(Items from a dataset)

○ ○ ○ ○ ○ ○ ○

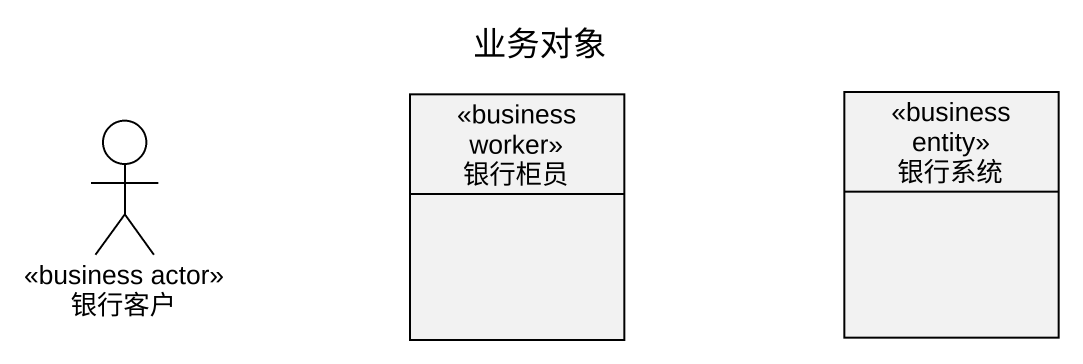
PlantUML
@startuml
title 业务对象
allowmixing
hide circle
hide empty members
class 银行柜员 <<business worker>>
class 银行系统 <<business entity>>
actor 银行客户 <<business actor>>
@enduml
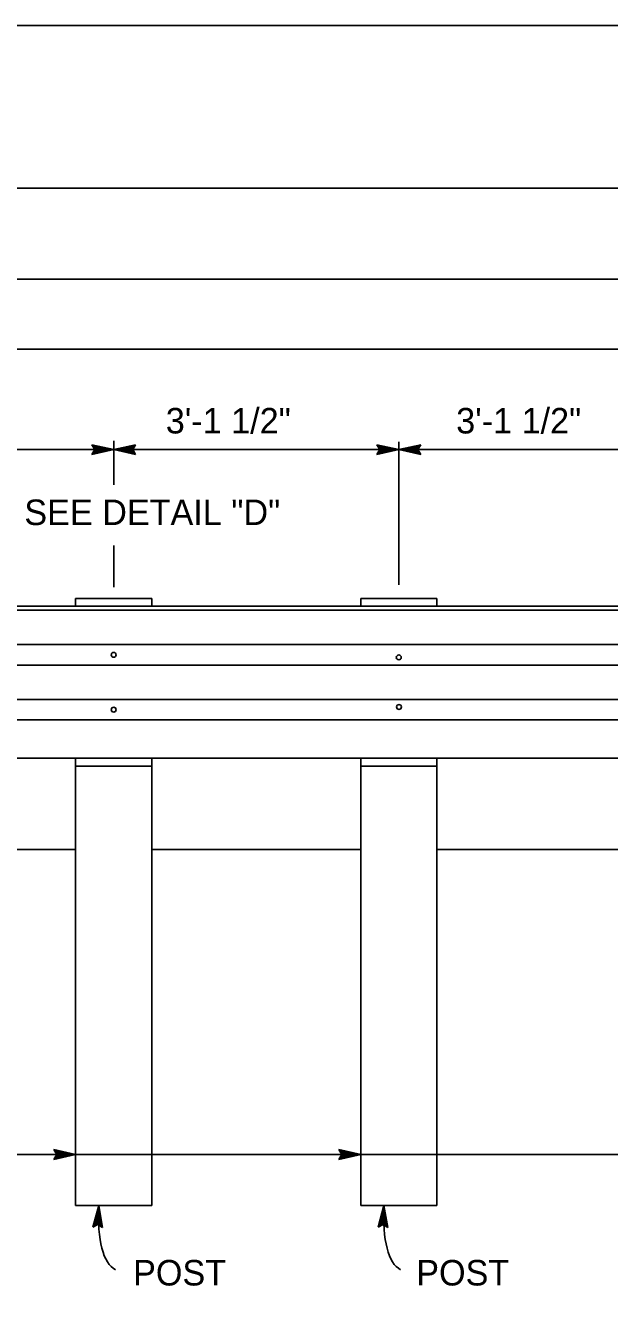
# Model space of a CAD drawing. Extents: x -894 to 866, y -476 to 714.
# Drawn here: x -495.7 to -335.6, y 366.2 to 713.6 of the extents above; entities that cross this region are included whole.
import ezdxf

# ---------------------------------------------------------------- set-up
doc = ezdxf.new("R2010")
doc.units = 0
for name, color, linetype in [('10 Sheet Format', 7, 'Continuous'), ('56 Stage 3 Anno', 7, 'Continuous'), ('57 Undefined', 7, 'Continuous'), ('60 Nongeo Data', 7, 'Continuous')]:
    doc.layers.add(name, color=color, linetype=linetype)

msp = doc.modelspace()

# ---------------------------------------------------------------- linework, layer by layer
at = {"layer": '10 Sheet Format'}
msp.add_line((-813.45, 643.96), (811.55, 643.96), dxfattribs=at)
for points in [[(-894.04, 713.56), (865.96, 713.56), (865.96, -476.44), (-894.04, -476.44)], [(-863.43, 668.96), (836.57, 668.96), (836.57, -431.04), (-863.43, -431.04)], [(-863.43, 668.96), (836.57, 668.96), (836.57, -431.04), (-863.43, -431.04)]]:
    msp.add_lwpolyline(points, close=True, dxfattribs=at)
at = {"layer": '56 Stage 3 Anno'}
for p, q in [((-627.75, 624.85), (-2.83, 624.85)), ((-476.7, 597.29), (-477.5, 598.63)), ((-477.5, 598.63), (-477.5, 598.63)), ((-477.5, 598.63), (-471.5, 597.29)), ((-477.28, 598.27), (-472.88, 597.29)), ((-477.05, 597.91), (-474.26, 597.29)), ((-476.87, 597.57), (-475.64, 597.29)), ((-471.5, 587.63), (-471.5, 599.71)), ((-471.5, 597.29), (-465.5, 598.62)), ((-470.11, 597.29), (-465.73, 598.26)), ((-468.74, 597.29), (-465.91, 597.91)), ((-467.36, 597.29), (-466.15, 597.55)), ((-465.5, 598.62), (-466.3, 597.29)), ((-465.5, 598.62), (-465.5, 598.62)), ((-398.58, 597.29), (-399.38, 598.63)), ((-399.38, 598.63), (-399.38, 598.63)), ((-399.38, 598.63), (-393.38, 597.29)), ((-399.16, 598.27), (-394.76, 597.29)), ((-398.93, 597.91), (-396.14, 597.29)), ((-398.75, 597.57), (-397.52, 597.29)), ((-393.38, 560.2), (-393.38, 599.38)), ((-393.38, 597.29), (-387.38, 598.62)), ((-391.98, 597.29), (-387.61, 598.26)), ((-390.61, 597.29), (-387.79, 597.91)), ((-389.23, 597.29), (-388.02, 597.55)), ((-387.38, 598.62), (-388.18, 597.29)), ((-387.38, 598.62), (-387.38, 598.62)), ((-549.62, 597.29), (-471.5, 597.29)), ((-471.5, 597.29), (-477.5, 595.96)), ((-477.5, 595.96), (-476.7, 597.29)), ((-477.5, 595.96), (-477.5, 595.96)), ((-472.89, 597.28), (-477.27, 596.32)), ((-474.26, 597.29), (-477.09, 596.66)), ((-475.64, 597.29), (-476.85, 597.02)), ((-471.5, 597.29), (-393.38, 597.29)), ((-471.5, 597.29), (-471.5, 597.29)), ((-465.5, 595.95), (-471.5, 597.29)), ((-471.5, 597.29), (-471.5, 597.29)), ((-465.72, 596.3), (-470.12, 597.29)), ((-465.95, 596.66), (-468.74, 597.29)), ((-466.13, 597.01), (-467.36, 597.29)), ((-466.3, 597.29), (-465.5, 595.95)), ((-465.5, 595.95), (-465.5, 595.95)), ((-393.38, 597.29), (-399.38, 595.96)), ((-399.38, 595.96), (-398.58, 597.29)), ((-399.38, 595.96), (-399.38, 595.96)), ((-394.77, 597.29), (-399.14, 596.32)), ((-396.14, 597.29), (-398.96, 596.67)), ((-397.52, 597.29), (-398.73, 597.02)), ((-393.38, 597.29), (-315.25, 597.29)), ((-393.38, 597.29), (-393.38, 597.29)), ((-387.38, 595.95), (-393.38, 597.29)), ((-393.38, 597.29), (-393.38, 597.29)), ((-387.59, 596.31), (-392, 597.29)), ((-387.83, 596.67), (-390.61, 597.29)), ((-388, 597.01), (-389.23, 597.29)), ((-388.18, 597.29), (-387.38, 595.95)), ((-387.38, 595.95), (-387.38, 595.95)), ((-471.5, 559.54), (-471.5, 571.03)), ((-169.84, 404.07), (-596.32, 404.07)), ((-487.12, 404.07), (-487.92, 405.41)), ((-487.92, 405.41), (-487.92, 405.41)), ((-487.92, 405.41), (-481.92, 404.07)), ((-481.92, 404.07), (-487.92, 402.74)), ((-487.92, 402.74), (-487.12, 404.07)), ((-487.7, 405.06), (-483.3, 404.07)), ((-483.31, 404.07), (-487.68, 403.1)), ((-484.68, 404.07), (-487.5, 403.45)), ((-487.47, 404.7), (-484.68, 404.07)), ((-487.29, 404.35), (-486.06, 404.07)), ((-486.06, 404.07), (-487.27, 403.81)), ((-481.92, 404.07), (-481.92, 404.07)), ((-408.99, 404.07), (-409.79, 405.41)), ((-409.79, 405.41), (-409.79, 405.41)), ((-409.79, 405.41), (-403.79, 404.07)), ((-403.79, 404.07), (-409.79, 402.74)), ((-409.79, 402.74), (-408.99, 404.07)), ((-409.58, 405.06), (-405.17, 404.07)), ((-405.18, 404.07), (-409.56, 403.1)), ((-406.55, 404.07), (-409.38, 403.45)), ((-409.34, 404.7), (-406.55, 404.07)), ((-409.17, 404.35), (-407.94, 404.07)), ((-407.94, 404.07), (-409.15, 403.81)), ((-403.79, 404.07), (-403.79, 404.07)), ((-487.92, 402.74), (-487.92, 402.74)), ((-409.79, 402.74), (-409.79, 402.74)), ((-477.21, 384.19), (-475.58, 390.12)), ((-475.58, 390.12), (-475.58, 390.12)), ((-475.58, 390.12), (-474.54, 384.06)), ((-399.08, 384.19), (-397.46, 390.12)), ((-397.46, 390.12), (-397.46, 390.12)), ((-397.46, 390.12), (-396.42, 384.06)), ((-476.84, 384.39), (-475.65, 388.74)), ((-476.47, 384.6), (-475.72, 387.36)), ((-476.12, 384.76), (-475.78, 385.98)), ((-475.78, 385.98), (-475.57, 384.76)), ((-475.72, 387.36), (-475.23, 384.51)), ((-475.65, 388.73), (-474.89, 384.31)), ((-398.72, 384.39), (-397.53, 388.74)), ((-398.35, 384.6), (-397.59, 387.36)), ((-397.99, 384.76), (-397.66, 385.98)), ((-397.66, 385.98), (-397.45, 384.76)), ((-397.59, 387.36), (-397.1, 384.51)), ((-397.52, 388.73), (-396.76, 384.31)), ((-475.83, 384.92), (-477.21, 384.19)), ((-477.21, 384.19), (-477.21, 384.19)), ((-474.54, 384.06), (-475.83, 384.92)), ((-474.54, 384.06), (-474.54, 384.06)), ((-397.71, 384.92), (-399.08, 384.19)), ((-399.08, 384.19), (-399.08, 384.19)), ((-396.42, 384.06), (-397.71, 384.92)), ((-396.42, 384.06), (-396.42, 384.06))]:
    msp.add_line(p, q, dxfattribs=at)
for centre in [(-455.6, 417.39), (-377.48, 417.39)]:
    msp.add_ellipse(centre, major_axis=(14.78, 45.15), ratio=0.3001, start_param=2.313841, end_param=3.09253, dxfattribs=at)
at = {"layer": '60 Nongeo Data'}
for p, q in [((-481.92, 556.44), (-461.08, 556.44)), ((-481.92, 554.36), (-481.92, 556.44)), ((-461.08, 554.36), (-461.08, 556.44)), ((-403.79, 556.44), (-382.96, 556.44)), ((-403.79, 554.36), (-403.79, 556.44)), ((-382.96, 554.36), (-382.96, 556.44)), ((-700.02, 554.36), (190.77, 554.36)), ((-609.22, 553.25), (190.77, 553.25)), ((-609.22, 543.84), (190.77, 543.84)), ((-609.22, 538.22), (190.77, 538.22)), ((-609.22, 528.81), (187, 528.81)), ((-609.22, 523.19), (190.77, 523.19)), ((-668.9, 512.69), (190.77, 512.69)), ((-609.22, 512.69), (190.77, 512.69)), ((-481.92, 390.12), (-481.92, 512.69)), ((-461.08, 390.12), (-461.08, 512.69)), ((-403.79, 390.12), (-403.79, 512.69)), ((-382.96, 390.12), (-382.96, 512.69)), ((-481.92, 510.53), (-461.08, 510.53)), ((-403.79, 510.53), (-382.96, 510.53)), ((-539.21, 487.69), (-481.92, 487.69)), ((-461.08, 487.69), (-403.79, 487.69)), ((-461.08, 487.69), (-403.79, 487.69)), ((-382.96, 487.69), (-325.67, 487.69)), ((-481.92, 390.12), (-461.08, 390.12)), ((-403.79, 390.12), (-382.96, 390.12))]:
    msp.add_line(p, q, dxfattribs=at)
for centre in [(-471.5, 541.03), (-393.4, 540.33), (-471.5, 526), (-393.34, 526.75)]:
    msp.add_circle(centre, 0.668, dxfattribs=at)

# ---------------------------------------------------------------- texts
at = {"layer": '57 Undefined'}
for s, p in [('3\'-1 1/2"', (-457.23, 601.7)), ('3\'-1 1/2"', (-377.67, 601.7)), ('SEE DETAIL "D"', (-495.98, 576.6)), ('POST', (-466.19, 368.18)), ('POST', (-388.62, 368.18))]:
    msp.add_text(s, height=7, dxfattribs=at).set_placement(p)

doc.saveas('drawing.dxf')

○ ○ ○ ○ ○ ○ ○

__Exercise__: Taking the records above as a whole, work out how many of their lines hold the word "Stage". The reply should be that number alone.

__Result__: 2